**Exercise:** Word for word, repeat the lines of the records from the first line up to and including the line that contains "F1 Terima Data Eksternal : Subsystem", passing over any pictures.

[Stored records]
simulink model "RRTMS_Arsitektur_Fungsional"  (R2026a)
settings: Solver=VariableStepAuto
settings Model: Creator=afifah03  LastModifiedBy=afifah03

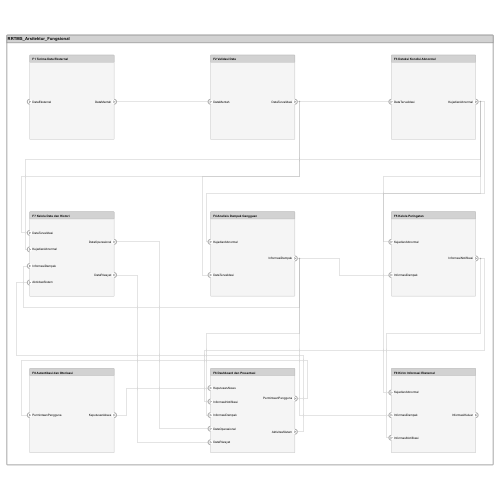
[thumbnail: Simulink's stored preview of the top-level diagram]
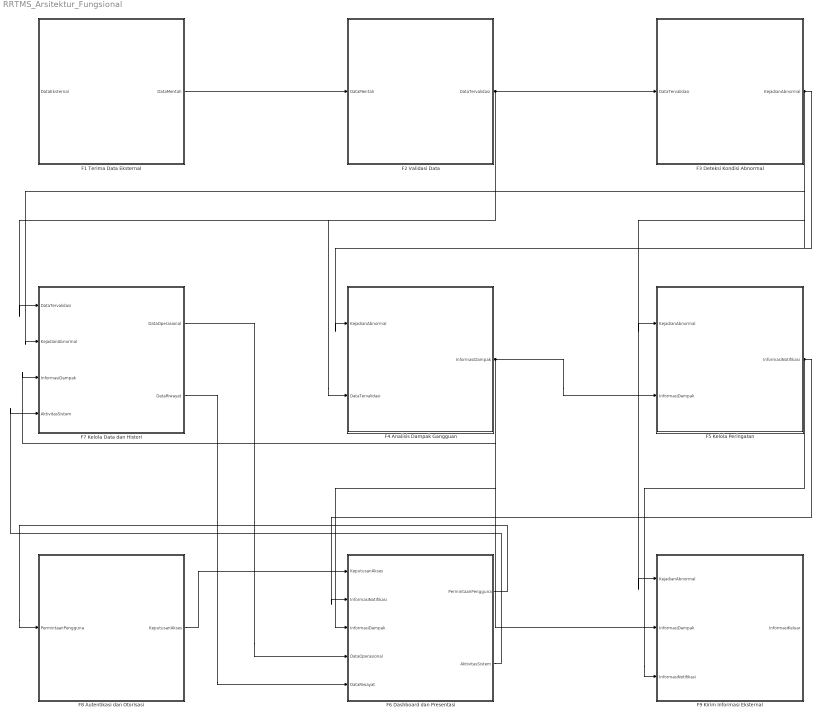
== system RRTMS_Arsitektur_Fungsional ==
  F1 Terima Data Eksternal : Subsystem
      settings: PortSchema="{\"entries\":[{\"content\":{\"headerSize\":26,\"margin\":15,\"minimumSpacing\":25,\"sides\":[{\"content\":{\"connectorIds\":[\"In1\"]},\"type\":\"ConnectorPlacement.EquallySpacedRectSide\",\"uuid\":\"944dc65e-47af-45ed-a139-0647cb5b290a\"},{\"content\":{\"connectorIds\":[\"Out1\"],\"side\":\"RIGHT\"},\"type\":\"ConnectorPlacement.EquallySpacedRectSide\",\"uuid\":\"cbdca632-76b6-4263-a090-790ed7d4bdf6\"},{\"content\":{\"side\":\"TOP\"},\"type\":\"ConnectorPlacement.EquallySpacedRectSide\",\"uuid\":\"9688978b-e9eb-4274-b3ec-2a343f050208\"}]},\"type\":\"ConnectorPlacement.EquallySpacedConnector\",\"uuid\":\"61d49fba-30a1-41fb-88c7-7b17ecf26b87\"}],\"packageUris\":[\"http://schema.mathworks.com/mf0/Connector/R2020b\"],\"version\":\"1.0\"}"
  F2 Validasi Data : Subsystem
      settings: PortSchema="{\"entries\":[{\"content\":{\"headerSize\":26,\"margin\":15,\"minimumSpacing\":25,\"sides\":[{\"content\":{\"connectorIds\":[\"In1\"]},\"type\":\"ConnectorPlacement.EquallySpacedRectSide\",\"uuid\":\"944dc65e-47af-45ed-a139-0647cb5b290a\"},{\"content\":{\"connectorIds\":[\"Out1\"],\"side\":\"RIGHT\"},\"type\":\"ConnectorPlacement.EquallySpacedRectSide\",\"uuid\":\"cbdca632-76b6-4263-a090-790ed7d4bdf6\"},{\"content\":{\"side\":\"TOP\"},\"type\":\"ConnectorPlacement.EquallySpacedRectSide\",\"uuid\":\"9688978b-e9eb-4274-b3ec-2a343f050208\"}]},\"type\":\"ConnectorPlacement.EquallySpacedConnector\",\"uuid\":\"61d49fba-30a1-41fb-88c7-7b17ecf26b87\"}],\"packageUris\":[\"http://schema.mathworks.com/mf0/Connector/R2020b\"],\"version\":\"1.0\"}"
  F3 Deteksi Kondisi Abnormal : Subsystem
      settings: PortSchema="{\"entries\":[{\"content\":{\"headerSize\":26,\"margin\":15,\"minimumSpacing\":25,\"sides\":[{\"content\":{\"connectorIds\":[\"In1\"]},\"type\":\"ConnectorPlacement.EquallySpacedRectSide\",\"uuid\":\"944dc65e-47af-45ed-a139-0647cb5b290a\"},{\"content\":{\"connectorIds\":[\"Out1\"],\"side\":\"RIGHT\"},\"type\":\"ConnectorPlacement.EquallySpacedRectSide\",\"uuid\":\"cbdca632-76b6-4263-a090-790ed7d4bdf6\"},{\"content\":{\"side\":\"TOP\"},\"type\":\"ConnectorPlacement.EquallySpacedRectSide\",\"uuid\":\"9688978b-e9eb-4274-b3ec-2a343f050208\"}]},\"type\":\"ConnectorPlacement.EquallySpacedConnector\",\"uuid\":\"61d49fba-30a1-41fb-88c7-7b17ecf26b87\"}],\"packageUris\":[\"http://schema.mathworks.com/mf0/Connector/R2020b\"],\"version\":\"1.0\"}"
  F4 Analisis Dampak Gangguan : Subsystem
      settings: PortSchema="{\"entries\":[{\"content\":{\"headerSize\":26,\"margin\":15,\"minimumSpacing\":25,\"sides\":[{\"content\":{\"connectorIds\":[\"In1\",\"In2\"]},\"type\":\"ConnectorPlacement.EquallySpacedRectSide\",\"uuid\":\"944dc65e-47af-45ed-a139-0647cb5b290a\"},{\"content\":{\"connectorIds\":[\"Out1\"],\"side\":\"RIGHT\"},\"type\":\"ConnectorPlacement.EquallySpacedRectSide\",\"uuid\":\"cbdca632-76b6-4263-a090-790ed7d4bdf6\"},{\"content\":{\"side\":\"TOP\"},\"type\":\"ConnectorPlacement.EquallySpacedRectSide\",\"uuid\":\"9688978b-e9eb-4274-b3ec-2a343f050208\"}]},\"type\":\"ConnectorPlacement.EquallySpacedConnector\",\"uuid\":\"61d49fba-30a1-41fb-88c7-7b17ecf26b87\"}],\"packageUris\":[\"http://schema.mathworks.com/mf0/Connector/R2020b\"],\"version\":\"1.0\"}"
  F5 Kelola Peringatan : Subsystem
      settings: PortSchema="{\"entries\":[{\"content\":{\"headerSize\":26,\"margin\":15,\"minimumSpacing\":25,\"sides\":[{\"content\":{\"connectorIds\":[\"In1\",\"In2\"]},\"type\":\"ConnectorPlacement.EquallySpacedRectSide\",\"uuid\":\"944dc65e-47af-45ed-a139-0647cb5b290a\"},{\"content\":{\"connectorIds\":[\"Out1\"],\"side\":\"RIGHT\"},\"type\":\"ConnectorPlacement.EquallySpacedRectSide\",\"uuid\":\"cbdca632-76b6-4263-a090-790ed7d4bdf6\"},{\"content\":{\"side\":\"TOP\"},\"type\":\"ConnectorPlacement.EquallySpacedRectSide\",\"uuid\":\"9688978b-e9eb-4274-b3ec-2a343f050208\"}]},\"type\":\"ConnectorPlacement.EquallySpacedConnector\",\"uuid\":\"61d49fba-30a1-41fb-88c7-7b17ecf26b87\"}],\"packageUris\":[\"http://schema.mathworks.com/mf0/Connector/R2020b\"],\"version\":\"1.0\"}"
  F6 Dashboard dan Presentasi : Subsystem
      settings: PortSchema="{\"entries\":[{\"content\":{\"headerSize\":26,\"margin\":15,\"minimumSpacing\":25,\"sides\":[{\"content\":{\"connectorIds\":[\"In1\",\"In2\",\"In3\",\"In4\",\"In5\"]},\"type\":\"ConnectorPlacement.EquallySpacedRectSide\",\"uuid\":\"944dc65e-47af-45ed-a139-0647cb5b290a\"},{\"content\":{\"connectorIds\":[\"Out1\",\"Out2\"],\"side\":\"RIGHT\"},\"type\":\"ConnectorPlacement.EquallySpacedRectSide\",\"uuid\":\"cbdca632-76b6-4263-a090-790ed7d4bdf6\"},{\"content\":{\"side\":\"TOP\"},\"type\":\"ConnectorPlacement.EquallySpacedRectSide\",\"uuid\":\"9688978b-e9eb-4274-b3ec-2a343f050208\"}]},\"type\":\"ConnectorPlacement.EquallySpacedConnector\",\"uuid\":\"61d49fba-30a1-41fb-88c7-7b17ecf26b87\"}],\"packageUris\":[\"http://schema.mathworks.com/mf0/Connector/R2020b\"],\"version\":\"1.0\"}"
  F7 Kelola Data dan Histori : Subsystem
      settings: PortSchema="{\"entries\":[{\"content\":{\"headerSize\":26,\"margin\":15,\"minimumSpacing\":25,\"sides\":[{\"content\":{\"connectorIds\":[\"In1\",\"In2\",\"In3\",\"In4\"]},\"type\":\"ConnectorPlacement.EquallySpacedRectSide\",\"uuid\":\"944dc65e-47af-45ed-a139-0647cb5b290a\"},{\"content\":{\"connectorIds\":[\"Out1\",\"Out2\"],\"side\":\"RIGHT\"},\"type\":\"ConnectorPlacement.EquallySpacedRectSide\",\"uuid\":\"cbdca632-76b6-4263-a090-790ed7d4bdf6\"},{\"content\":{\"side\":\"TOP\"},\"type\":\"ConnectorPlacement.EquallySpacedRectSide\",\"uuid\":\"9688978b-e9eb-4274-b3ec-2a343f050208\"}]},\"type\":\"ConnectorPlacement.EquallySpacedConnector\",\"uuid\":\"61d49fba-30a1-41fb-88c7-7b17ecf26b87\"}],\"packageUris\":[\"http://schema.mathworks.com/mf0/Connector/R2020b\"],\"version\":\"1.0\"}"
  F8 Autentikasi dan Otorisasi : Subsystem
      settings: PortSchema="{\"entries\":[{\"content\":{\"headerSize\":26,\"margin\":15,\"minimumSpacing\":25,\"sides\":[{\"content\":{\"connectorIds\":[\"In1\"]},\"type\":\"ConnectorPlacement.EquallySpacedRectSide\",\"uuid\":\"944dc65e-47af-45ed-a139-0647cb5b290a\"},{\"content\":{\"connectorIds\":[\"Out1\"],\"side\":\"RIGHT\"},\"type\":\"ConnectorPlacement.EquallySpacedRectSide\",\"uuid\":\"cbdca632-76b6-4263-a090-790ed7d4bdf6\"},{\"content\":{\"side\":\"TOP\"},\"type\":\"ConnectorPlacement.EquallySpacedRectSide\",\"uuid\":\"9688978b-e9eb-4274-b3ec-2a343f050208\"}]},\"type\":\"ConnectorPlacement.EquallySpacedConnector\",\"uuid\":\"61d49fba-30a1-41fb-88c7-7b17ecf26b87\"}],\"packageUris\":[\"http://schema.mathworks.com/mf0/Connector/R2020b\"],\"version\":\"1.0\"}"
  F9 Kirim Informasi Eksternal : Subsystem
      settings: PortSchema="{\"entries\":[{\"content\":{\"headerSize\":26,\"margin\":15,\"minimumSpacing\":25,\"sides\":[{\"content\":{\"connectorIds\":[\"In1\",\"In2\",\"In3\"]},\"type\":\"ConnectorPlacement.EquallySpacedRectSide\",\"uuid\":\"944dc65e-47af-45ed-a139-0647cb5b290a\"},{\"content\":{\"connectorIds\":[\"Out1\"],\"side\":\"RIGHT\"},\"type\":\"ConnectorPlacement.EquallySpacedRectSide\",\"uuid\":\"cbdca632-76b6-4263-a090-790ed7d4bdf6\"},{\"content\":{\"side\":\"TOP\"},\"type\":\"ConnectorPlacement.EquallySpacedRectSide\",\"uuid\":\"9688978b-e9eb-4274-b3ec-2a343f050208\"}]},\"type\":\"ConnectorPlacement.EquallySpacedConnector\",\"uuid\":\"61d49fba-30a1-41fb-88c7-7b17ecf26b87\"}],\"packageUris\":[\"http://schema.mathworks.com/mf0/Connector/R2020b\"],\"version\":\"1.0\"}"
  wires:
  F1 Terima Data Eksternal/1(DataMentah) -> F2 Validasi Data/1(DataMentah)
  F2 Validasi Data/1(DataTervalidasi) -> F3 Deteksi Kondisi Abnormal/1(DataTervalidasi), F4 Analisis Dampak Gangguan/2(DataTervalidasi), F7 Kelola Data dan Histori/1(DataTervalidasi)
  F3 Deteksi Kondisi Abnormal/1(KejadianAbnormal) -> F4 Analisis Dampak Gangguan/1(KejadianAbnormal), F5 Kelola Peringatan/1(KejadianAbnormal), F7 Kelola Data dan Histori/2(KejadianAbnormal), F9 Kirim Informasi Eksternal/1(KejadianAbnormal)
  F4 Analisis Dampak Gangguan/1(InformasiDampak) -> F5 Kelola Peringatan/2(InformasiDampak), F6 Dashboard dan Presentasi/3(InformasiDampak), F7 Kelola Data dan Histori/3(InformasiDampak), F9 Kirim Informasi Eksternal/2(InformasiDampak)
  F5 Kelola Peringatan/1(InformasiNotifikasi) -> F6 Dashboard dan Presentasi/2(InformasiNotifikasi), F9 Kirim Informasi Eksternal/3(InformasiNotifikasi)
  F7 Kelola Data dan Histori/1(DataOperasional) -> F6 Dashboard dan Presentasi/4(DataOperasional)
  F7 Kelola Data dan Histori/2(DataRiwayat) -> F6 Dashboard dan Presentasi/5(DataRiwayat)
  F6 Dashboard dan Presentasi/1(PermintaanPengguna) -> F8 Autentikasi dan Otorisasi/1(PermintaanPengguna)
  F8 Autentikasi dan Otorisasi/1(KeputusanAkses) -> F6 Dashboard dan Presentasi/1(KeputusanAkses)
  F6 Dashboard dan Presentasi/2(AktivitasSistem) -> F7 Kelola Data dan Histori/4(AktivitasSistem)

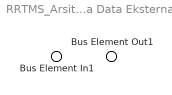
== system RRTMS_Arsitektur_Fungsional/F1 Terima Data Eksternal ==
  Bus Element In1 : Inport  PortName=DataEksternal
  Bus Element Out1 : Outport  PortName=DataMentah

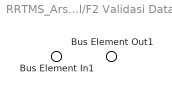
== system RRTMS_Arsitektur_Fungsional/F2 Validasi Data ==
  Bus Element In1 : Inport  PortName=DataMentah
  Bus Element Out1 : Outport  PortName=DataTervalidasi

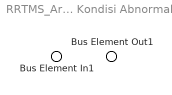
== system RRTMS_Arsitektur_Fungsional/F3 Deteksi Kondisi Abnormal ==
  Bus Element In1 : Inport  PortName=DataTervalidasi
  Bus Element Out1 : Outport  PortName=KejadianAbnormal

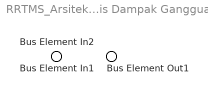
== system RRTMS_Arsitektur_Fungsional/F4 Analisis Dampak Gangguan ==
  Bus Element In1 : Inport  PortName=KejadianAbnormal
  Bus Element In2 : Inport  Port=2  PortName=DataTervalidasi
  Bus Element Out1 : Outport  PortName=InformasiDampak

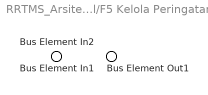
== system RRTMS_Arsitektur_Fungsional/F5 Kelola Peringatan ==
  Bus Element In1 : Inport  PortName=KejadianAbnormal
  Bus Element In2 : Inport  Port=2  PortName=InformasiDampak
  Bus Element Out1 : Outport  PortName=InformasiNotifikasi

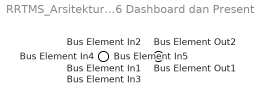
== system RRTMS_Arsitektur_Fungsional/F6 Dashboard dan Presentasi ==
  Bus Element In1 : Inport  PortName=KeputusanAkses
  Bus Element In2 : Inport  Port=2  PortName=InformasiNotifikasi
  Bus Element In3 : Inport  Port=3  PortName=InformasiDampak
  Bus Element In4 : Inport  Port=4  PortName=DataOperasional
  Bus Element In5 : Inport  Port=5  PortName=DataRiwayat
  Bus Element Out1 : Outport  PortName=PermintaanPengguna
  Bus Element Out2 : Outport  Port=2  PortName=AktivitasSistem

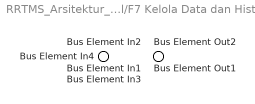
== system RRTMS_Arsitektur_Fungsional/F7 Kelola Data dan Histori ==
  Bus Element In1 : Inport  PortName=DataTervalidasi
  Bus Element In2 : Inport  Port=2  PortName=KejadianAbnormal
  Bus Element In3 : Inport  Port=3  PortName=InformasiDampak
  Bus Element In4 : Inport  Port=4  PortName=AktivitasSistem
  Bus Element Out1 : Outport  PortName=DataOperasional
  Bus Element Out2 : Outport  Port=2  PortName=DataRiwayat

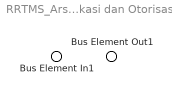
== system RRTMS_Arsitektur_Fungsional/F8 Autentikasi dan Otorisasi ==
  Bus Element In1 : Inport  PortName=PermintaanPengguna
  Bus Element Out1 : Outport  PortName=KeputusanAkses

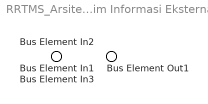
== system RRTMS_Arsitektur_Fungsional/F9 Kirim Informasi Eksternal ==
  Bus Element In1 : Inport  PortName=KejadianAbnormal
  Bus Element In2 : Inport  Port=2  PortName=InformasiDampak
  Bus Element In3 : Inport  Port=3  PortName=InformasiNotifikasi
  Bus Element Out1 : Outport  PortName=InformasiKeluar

**Response area:**
simulink model "RRTMS_Arsitektur_Fungsional"  (R2026a)
settings: Solver=VariableStepAuto
settings Model: Creator=afifah03  LastModifiedBy=afifah03

[thumbnail: Simulink's stored preview of the top-level diagram]
== system RRTMS_Arsitektur_Fungsional ==
  F1 Terima Data Eksternal : Subsystem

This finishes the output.